Restate word for word the entries below, starting with the line with "doc.units = ezdxf.units.MM" and continuing through the line with "blk = doc.blocks.new('Sprinkler_Up". Include both of those lines and no others.

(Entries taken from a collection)
- Opening Delimiter -

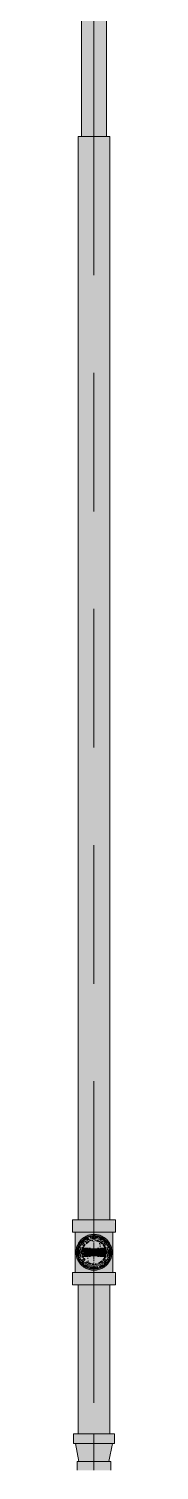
# Model space of a CAD drawing. Header units: millimetres. Extents: x -4000 to 187956, y -58990 to 162485.
# Drawn here: x 51721 to 51779, y 69157 to 71095 of the extents above; entities that cross this region are included whole.
import ezdxf

# ---------------------------------------------------------------- set-up
doc = ezdxf.new("R2010")
doc.units = ezdxf.units.MM
doc.linetypes.add('Dash 1_16_', pattern=[317.5, 158.75, -158.75])
for name, color, linetype, lineweight in [('F-SPRN', 3, 'Continuous', 9), ('P-PIPE', 3, 'Continuous', 9), ('P-PIPE-CNTR', 3, 'Continuous', 9)]:
    doc.layers.add(name, color=color, linetype=linetype, lineweight=lineweight)

# ---------------------------------------------------------------- blocks, each defined once
blk = doc.blocks.new('Sprinkler_Up - DN20-V432-0_000')
at = {"layer": 'F-SPRN', "transparency": 33554534}
for points in [[(-13.5, 0), (-3.9, 0.7), (-1.7, 2.9), (-1.2, 3.5), (-0.6, 4), (0.6, 4), (1.2, 3.5), (1.7, 2.9), (4.6, 0), (22.2, 0), (18, 13.1), (6.9, 21.2), (-6.9, 21.2), (-18, 13.1), (-22.2, 0)], [(3.4, -21.2), (6.9, -21.2), (18, -13.1), (22.2, 0), (3.9, -0.7), (1.8, -2.9), (1.2, -3.5), (0.6, -4), (-0.6, -4), (-1.2, -3.5), (-1.7, -2.9), (-4.6, 0), (-22.2, 0), (-18, -13.1), (-6.9, -21.2), (0, -21.2)], [(0, -16.7), (4.3, -16.1), (11.8, -11.8), (16.1, -2.9), (16.1, 4.3), (11.8, 11.8), (8.3, 14.4), (0, 16.7), (-4.3, 16.1), (-11.8, 11.8), (-16.1, 4.3), (-16.1, -4.3), (-11.8, -11.8), (-8.3, -14.4)], [(0, -15.6), (7.8, -13.5), (13.5, -7.8), (15.1, -2.9), (15.1, 4), (13.5, 7.8), (7.8, 13.5), (0, 15.6), (-7.8, 13.5), (-11, 11), (-15.1, 4), (-15.1, -4), (-11, -11), (-7.8, -13.5)], [(-10.9, -5.5), (-10.9, 5.4), (-14.5, 5.4), (-14.5, -5.5)], [(-7.7, -5.5), (-7.7, 5.4), (-10.9, 5.4), (-10.9, -5.5)], [(0, -5.5), (0, 5.4), (-7.7, 5.4), (-7.7, -5.5)], [(0, 0), (5.7, 0), (2.9, 4.9), (-2.9, 4.9), (-5.7, 0)], [(2.9, -4.9), (5.7, 0), (-5.7, 0), (-2.9, -4.9)], [(-4.6, 0), (4.6, 0), (0, 4.6)], [(0, -4.6), (4.6, 0), (-4.6, 0), (-1.7, -2.9)], [(0, -2.6), (1.3, 0), (-1.8, 0)], [(-1.3, 0), (1.8, 0), (0, 2.6)], [(7.7, -5.5), (7.7, 5.4), (0, 5.4), (0, -5.5)], [(10.9, -5.5), (10.9, 5.4), (7.7, 5.4), (7.7, -5.5)], [(14.5, -5.5), (14.5, 5.4), (10.9, 5.4), (10.9, -5.5)]]:
    blk.add_hatch(color=1, dxfattribs=at).paths.add_polyline_path(points)
at = {"layer": 'F-SPRN', "color": 1}
for p, q in [((-11.5, 5.4), (-14.5, 5.4)), ((-14.5, 5.4), (-11.3, 5.4)), ((-14.5, 5.4), (-14.5, 3.7)), ((-14.5, 3.3), (-14.5, 0)), ((-11.5, 5.4), (-11.5, 4)), ((-10.9, 1.9), (-10.9, 3.6)), ((-10.8, 5.4), (-8, 5.4)), ((-8.1, 5.4), (-10.8, 5.4)), ((-8.1, 5.4), (-8.1, 2.8)), ((-8.1, 2.5), (-8.1, 0.7)), ((-7.7, 4.8), (-7.7, 2.7)), ((-7.7, 4.8), (-7.7, 2.7)), ((-7.7, 2.1), (-7.7, 0.5)), ((-7.7, 2.1), (-7.7, 0.5)), ((-6.7, 5.4), (-4.7, 5.4)), ((-5.8, 3.8), (-5.8, 2.2)), ((-2, 0.4), (-2.1, 0.3)), ((-2.1, 0), (-2.1, 0)), ((-2.1, 0), (-2.1, -0.1)), ((-1.9, 0.8), (-2, 0.7)), ((-2, 0.5), (-2, 0.5)), ((-2, 0.5), (-2, 0.4)), ((-1.8, 1), (-1.9, 0.9)), ((-1.9, 0.9), (-1.9, 0.8)), ((-1.9, 0.8), (-1.9, 0.8)), ((-1.8, 1.1), (-1.8, 1)), ((-0.6, 2), (-0.6, 2)), ((-0.5, 2), (-0.6, 2)), ((-0.1, 2.1), (-0.2, 2.1)), ((0, 2.1), (-0.1, 2.1)), ((-0.1, 2.1), (-0.1, 2.1)), ((0.3, 2.1), (0.2, 2.1)), ((0.4, 2), (0.3, 2.1)), ((0.5, 2), (0.4, 2)), ((0.4, 2), (0.4, 2)), ((0.6, 2), (0.5, 2)), ((2.1, 0), (2.1, 0.1)), ((2.1, 0), (2.1, 0)), ((4.7, 5.4), (6.5, 5.4)), ((7.7, 5.4), (10.8, 5.4)), ((7.7, 5.2), (7.7, 2.7)), ((7.7, 5.2), (7.7, 2.7)), ((7.7, 2.3), (7.7, 0.5)), ((7.7, 2.3), (7.7, 0.5)), ((10.8, 5.4), (8.1, 5.4)), ((8.1, 5.4), (8.1, 2.8)), ((8.1, 2.5), (8.1, 0.4)), ((10.9, 5.4), (14.5, 5.4)), ((10.9, 3.6), (10.9, 0.2)), ((14.5, 5.4), (11.5, 5.4)), ((11.5, 5.4), (11.5, 4)), ((11.5, 3), (11.5, 0.2)), ((14.5, 5.4), (14.5, -2.9)), ((-14.5, -1.3), (-14.5, -2.9)), ((-11.1, -5.5), (-14.5, -5.5)), ((-14.5, -5.5), (-11.5, -5.5)), ((-10.9, -2.6), (-10.9, -1.3)), ((-10.8, -5.5), (-8.1, -5.5)), ((-7.8, -5.5), (-10.8, -5.5)), ((-8.1, -4.2), (-8.1, -5.5)), ((-7, -5.5), (-5.8, -5.5)), ((-4.8, -5.5), (-7, -5.5)), ((-2.1, -0.1), (-2.1, -0.2)), ((0, -2.1), (0.1, -2.1)), ((7, -5.5), (4.8, -5.5)), ((5.8, -5.5), (7, -5.5)), ((7.7, -0.5), (7.7, -2.3)), ((7.7, -0.5), (7.7, -2.3)), ((7.7, -2.9), (7.7, -5.4)), ((7.7, -2.9), (7.7, -5.4)), ((10.8, -5.5), (7.7, -5.5)), ((8.1, -0.4), (8.1, -2.5)), ((8.1, -2.9), (8.1, -5.5)), ((8.1, -5.5), (10.8, -5.5)), ((10.9, -0.2), (10.9, -2.9)), ((14.5, -5.5), (10.9, -5.5)), ((11.5, -0.2), (11.5, -2.9)), ((11.5, -4), (11.5, -5.5)), ((11.5, -5.5), (14.5, -5.5)), ((14.5, -3.7), (14.5, -5.5))]:
    blk.add_line(p, q, dxfattribs=at)
at = {"layer": 'F-SPRN', "color": 1, "flags": 128}
for points in [[(-2.1, 0.3), (-2.1, 0.2), (-2.1, 0.1), (-2.1, 0)], [(-2, 0.7), (-2, 0.6), (-2, 0.5)], [(-1.2, 1.7), (-1.3, 1.6), (-1.4, 1.6), (-1.4, 1.5), (-1.5, 1.5), (-1.5, 1.4), (-1.6, 1.3), (-1.6, 1.3), (-1.7, 1.2), (-1.7, 1.1), (-1.8, 1.1)], [(-1, 1.8), (-1.1, 1.8), (-1.2, 1.7), (-1.2, 1.7)], [(-0.9, 1.9), (-0.9, 1.9), (-1, 1.8)], [(-0.6, 2), (-0.7, 2), (-0.8, 1.9), (-0.9, 1.9)], [(-0.2, 2.1), (-0.3, 2.1), (-0.4, 2), (-0.5, 2)], [(0.2, 2.1), (0.1, 2.1), (0, 2.1)], [(0.9, 1.9), (0.8, 1.9), (0.8, 1.9), (0.7, 2), (0.6, 2)], [(1.4, 1.5), (1.4, 1.5), (1.3, 1.6), (1.3, 1.7), (1.2, 1.7), (1.1, 1.7), (1.1, 1.8), (1, 1.8), (0.9, 1.9)], [(1.8, 1), (1.8, 1), (1.8, 1.1), (1.7, 1.2), (1.7, 1.2), (1.6, 1.3), (1.6, 1.4), (1.5, 1.4), (1.4, 1.5)], [(2, 0.4), (2, 0.5), (2, 0.6), (2, 0.7), (1.9, 0.7), (1.9, 0.8), (1.9, 0.9), (1.8, 1)], [(2.1, 0.1), (2.1, 0.2), (2.1, 0.2), (2.1, 0.3), (2, 0.4)], [(-2.1, -0.2), (-2.1, -0.2), (-2.1, -0.3)], [(-2.1, -0.3), (-2, -0.4), (-2, -0.5), (-2, -0.6), (-2, -0.7), (-1.9, -0.7), (-1.9, -0.8), (-1.9, -0.9), (-1.8, -1), (-1.8, -1), (-1.8, -1.1), (-1.7, -1.2), (-1.7, -1.2), (-1.6, -1.3), (-1.6, -1.4), (-1.5, -1.4), (-1.4, -1.5), (-1.4, -1.5), (-1.3, -1.6), (-1.3, -1.7), (-1.2, -1.7), (-1.1, -1.7), (-1.1, -1.8), (-1, -1.8), (-0.9, -1.9), (-0.8, -1.9), (-0.8, -1.9), (-0.7, -2), (-0.6, -2), (-0.5, -2), (-0.4, -2), (-0.4, -2), (-0.3, -2.1), (-0.2, -2.1), (-0.1, -2.1), (0, -2.1)], [(0.1, -2.1), (0.1, -2.1), (0.2, -2.1), (0.3, -2.1), (0.4, -2), (0.5, -2), (0.6, -2), (0.6, -2), (0.7, -2), (0.8, -1.9), (0.9, -1.9), (0.9, -1.9), (1, -1.8), (1.1, -1.8), (1.2, -1.7), (1.2, -1.7), (1.3, -1.6), (1.4, -1.6), (1.4, -1.5), (1.5, -1.5), (1.5, -1.4), (1.6, -1.3), (1.6, -1.3), (1.7, -1.2), (1.7, -1.1), (1.8, -1.1), (1.8, -1), (1.9, -0.9), (1.9, -0.8), (1.9, -0.8), (2, -0.7), (2, -0.6), (2, -0.5), (2, -0.5), (2, -0.4), (2.1, -0.3), (2.1, -0.2), (2.1, -0.1), (2.1, 0)]]:
    blk.add_lwpolyline(points, dxfattribs=at)
at = {"layer": 'F-SPRN', "color": 1}
for radius, start, end in [(22.2, 360, 180), (21.9, 108.2621, 125.7507), (21.9, 99.348, 107.901), (21.9, 90.145, 98.8503), (21.9, 72.5583, 89.4624), (21.9, 54.2493, 71.7379), (21.9, 165.6773, 179.2615), (21.9, 144.7698, 164.8151), (21.9, 126.6942, 143.2701), (16.7, 167.6802, 180), (16.7, 167.6802, 180), (16.7, 155.3879, 164.9693), (16.7, 155.3879, 164.9693), (15.6, 166.4265, 180), (15.6, 166.4265, 180), (15.6, 150.9409, 165), (15.6, 159.6139, 165), (16.7, 136.7213, 149.931), (16.7, 136.7213, 149.931), (15.6, 150.9409, 156.3845), (15.6, 138.4214, 150), (15.6, 138.4214, 150), (16.7, 121.4181, 130.5751), (16.7, 121.4181, 130.5751), (15.6, 120.5262, 133.2078), (15.6, 120.5262, 133.2078), (16.7, 106.5995, 120), (16.7, 106.5995, 120), (15.6, 114.4363, 119.9813), (15.6, 114.4363, 119.9813), (4.63, 155.7832, 180), (4.63, 155.7832, 180), (16.7, 96.4143, 105), (16.7, 96.4143, 105), (4.63, 109.0192, 138.2703), (4.63, 109.0192, 138.2703), (15.6, 95.5762, 100.6843), (15.6, 95.5762, 100.6843), (2.56, 109.0192, 168.8278), (2.56, 109.0192, 168.8278), (2.04, 109.0192, 180), (16.7, 83.0684, 90), (16.7, 83.0684, 90), (4.63, 17.9592, 90), (4.63, 17.9592, 90), (3.81, 57.0577, 90), (2.56, 14.5599, 90), (2.56, 14.5599, 90), (2.04, 10.4703, 90), (15.6, 75.573, 80.5892), (15.6, 75.573, 80.5892), (3.81, 16.1605, 43.8358), (15.6, 67.5614, 74.5481), (15.6, 67.5614, 74.5481), (16.7, 60, 75), (16.7, 60, 75), (15.6, 60.0187, 65.5637), (15.6, 60.0187, 65.5637), (15.6, 46.7922, 60), (15.6, 46.7922, 60), (16.7, 49.4249, 58.5819), (16.7, 49.4249, 58.5819), (15.6, 30, 41.5786), (15.6, 30, 41.5786), (16.7, 30, 43.2787), (16.7, 30, 43.2787), (21.9, 36.7299, 53.3058), (15.6, 23.6155, 29.5646), (15.6, 15, 29.5646), (15.6, 15, 20.3861), (16.7, 15, 24.6121), (16.7, 15, 24.6121), (15.6, 360, 13.6618), (15.6, 0, 13.6618), (16.7, 360, 12.3198), (16.7, 0, 12.3198), (21.9, 15.1849, 35.2302), (21.9, 0.7385, 14.3227), (22.2, 180, 360), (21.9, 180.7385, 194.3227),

- Closing Delimiter -

RESPONSE FOR THIS EXERCISE:
doc.units = ezdxf.units.MM
doc.linetypes.add('Dash 1_16_', pattern=[317.5, 158.75, -158.75])
for name, color, linetype, lineweight in [('F-SPRN', 3, 'Continuous', 9), ('P-PIPE', 3, 'Continuous', 9), ('P-PIPE-CNTR', 3, 'Continuous', 9)]:
    doc.layers.add(name, color=color, linetype=linetype, lineweight=lineweight)

# ---------------------------------------------------------------- blocks, each defined once
blk = doc.blocks.new('Sprinkler_Up - DN20-V432-0_000')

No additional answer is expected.